- [Work instructions] Take every line in the entries that includes the word "contours" and copy it.

- [Extracted data]
=== Section Start ===

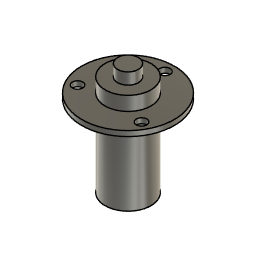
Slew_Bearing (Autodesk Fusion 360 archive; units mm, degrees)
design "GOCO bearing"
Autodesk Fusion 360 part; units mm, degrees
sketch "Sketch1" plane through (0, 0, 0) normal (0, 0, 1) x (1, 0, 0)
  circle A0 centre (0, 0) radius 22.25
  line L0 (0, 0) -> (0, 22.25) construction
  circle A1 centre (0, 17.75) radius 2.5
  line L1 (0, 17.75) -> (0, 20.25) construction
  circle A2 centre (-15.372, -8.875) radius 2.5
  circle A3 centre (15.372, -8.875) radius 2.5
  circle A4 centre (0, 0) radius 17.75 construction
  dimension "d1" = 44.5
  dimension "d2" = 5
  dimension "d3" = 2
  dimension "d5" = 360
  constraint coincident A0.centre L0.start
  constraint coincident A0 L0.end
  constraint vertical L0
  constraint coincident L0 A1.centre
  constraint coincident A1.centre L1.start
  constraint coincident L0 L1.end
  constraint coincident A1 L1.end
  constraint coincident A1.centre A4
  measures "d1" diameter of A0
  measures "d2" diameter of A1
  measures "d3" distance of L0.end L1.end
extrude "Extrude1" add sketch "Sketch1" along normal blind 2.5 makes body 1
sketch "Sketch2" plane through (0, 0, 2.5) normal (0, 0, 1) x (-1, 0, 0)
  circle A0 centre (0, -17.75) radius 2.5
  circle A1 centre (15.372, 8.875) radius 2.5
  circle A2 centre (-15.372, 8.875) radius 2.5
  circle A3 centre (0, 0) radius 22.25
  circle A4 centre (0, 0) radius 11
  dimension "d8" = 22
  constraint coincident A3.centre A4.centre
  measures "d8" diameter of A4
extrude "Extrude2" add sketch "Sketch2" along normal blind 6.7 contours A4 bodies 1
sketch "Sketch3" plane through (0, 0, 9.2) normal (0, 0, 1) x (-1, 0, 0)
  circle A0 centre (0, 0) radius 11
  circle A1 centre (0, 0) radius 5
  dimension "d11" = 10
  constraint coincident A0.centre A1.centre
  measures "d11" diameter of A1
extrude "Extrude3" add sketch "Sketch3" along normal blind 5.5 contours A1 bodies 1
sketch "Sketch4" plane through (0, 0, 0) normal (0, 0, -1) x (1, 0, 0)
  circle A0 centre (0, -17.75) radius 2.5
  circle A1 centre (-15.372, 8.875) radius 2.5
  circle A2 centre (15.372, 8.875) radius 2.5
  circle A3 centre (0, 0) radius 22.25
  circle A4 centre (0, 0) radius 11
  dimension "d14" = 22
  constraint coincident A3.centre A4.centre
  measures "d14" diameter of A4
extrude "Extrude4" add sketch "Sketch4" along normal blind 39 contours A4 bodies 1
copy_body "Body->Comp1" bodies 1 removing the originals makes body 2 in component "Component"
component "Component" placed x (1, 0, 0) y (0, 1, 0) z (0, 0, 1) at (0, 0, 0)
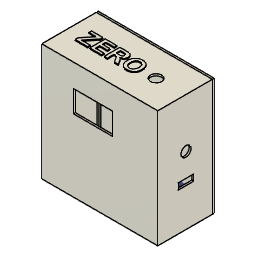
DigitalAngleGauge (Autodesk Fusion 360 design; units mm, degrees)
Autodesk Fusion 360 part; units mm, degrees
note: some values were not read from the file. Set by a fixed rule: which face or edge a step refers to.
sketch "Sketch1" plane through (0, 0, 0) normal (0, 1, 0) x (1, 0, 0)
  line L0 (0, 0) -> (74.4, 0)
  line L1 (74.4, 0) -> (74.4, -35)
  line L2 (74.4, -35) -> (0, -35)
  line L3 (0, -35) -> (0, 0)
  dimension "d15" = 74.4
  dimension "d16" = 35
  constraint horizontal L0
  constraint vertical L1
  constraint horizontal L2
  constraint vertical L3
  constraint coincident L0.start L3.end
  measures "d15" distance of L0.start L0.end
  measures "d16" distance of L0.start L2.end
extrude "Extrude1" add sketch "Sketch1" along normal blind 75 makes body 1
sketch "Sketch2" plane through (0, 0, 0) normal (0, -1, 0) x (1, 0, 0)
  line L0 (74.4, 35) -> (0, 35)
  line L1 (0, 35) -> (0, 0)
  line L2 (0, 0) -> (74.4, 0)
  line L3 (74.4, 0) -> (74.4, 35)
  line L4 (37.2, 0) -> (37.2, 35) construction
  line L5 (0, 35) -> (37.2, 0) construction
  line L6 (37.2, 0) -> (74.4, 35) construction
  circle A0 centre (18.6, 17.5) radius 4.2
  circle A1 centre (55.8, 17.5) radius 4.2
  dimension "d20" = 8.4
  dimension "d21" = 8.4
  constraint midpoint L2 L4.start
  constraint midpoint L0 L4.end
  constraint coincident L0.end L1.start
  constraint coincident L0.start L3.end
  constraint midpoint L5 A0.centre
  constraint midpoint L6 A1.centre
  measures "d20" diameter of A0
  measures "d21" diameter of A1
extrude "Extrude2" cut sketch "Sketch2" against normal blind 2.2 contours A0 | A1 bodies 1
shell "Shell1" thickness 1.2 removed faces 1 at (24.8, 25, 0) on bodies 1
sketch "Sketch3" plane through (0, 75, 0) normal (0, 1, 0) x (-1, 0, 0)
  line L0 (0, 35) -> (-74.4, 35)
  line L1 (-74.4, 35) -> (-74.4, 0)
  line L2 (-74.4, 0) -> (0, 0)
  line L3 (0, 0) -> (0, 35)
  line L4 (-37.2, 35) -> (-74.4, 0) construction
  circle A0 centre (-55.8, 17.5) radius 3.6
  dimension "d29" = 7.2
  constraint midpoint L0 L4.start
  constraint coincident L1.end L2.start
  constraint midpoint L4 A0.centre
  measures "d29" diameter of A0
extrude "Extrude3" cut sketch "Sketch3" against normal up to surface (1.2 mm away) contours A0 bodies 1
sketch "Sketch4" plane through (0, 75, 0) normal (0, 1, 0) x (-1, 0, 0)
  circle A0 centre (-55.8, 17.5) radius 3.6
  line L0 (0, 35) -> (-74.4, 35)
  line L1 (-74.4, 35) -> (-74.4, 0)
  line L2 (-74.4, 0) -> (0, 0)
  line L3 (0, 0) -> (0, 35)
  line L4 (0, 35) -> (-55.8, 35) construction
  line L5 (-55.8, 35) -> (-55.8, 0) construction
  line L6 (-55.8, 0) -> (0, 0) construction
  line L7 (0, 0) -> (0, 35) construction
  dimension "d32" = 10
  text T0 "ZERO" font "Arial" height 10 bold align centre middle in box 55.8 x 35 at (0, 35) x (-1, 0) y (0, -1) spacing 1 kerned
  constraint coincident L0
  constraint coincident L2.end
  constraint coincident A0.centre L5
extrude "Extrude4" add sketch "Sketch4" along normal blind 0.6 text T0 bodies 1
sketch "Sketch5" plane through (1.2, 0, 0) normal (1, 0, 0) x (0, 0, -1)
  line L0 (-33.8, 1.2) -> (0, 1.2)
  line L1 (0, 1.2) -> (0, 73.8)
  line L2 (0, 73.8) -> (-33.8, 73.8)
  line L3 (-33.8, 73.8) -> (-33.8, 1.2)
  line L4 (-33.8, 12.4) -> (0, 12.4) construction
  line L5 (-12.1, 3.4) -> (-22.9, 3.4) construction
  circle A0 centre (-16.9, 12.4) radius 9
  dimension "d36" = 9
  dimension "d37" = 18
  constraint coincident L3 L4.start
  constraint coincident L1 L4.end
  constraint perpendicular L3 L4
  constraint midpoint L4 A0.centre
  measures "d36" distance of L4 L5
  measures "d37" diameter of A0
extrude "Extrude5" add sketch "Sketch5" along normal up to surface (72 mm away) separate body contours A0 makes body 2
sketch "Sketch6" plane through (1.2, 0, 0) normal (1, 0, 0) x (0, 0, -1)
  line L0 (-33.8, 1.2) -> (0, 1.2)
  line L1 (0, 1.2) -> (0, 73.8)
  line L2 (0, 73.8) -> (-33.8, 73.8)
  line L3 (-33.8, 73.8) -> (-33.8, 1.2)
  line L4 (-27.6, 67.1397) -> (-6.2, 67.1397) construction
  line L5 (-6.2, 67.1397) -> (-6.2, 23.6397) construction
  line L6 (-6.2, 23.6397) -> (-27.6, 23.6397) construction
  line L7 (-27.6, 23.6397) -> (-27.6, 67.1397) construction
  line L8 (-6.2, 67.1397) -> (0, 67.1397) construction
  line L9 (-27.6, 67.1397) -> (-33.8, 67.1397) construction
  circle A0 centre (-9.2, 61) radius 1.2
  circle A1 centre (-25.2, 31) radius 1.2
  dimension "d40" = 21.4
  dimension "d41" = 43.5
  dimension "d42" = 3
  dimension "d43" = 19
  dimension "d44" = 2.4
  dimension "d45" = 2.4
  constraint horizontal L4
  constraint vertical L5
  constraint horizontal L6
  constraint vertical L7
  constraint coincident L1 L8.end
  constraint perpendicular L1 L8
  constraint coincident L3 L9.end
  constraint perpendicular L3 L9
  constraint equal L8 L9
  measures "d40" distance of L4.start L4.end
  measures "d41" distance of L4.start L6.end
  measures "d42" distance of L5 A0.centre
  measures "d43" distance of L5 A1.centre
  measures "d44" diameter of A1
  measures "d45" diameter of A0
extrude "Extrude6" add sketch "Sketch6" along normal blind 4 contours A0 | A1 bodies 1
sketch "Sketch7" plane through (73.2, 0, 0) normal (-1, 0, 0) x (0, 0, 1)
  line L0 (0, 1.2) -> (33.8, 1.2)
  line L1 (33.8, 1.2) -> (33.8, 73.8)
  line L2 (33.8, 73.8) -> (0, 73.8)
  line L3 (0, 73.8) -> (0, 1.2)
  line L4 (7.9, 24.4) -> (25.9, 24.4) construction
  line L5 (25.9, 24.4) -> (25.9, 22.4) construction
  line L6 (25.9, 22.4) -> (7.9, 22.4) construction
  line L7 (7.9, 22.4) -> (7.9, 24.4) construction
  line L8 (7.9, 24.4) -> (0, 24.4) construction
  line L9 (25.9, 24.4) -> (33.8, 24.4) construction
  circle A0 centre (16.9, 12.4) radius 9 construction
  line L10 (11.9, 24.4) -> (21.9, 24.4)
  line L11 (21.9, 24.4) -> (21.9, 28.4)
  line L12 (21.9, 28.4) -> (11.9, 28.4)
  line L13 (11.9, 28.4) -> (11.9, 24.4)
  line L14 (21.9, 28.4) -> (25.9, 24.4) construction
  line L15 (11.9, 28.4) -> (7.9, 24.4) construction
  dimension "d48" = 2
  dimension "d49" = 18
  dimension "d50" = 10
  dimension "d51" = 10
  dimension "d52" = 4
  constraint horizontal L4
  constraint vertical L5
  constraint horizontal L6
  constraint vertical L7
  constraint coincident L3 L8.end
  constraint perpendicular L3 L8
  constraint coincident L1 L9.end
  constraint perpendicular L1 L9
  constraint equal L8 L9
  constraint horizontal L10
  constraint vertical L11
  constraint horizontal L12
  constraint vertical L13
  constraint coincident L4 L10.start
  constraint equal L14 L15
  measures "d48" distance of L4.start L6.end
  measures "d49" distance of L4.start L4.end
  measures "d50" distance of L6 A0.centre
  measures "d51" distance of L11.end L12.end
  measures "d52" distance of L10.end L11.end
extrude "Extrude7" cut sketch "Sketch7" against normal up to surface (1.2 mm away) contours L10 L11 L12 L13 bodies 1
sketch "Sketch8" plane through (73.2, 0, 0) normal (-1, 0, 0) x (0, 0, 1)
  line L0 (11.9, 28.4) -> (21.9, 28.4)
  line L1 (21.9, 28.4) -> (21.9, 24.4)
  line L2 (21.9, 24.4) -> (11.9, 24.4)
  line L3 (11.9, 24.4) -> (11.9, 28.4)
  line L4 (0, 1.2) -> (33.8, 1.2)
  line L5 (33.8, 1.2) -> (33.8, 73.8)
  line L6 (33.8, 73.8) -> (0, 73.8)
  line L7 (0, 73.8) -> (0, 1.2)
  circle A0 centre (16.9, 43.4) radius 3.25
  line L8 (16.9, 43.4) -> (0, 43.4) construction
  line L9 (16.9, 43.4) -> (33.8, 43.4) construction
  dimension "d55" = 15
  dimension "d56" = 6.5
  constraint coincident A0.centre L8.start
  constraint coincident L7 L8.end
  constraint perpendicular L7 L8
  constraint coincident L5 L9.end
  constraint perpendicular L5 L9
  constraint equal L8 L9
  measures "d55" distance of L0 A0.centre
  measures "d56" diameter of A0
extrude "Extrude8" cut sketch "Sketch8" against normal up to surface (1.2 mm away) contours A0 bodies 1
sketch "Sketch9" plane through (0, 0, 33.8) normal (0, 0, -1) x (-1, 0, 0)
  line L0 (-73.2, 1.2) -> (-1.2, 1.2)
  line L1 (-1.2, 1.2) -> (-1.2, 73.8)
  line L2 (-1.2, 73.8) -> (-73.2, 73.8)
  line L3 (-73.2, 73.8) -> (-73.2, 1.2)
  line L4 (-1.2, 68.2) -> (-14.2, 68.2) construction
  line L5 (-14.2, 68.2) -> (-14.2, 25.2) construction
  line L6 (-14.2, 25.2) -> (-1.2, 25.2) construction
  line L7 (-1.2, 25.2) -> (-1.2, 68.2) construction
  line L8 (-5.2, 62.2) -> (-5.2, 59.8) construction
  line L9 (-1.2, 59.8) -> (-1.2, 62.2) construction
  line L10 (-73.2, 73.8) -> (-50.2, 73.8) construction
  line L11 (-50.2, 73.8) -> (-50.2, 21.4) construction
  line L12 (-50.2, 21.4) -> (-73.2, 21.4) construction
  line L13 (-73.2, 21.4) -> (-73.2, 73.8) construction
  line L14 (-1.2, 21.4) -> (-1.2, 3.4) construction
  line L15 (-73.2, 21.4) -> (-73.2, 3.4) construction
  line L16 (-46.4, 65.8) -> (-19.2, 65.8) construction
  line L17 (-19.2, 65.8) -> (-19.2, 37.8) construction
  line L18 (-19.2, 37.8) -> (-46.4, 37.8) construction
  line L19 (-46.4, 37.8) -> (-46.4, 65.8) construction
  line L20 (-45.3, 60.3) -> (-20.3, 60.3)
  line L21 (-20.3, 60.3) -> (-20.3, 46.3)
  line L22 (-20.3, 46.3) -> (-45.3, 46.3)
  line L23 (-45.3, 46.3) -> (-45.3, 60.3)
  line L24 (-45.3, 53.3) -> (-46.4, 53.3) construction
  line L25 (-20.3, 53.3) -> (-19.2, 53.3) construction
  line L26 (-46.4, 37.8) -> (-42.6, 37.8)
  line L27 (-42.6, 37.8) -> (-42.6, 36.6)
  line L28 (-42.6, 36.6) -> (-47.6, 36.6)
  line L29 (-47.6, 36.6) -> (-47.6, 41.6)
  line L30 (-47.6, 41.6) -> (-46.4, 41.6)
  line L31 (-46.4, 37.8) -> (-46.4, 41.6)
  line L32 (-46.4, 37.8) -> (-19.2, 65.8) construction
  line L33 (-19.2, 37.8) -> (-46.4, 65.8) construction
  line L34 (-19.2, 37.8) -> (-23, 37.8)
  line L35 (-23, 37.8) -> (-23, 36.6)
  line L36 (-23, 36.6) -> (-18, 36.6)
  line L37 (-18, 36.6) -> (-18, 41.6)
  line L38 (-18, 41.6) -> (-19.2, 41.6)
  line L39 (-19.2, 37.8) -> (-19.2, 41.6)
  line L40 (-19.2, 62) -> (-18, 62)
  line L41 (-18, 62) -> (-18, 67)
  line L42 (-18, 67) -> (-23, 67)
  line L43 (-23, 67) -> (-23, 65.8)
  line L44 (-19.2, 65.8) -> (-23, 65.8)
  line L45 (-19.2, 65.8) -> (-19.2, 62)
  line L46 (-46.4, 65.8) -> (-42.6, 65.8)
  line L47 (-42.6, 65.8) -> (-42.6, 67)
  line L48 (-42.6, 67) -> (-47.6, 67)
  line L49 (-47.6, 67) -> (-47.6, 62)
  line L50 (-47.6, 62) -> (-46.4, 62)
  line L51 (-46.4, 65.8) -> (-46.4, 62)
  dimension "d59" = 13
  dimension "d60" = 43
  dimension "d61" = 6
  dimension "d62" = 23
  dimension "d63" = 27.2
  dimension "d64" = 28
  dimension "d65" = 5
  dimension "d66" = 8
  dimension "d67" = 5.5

=== Section End ===

- [Response box]
extrude "Extrude2" add sketch "Sketch2" along normal blind 6.7 contours A4 bodies 1
extrude "Extrude3" add sketch "Sketch3" along normal blind 5.5 contours A1 bodies 1
extrude "Extrude4" add sketch "Sketch4" along normal blind 39 contours A4 bodies 1
extrude "Extrude2" cut sketch "Sketch2" against normal blind 2.2 contours A0 | A1 bodies 1
extrude "Extrude3" cut sketch "Sketch3" against normal up to surface (1.2 mm away) contours A0 bodies 1
extrude "Extrude5" add sketch "Sketch5" along normal up to surface (72 mm away) separate body contours A0 makes body 2
extrude "Extrude6" add sketch "Sketch6" along normal blind 4 contours A0 | A1 bodies 1
extrude "Extrude7" cut sketch "Sketch7" against normal up to surface (1.2 mm away) contours L10 L11 L12 L13 bodies 1
extrude "Extrude8" cut sketch "Sketch8" against normal up to surface (1.2 mm away) contours A0 bodies 1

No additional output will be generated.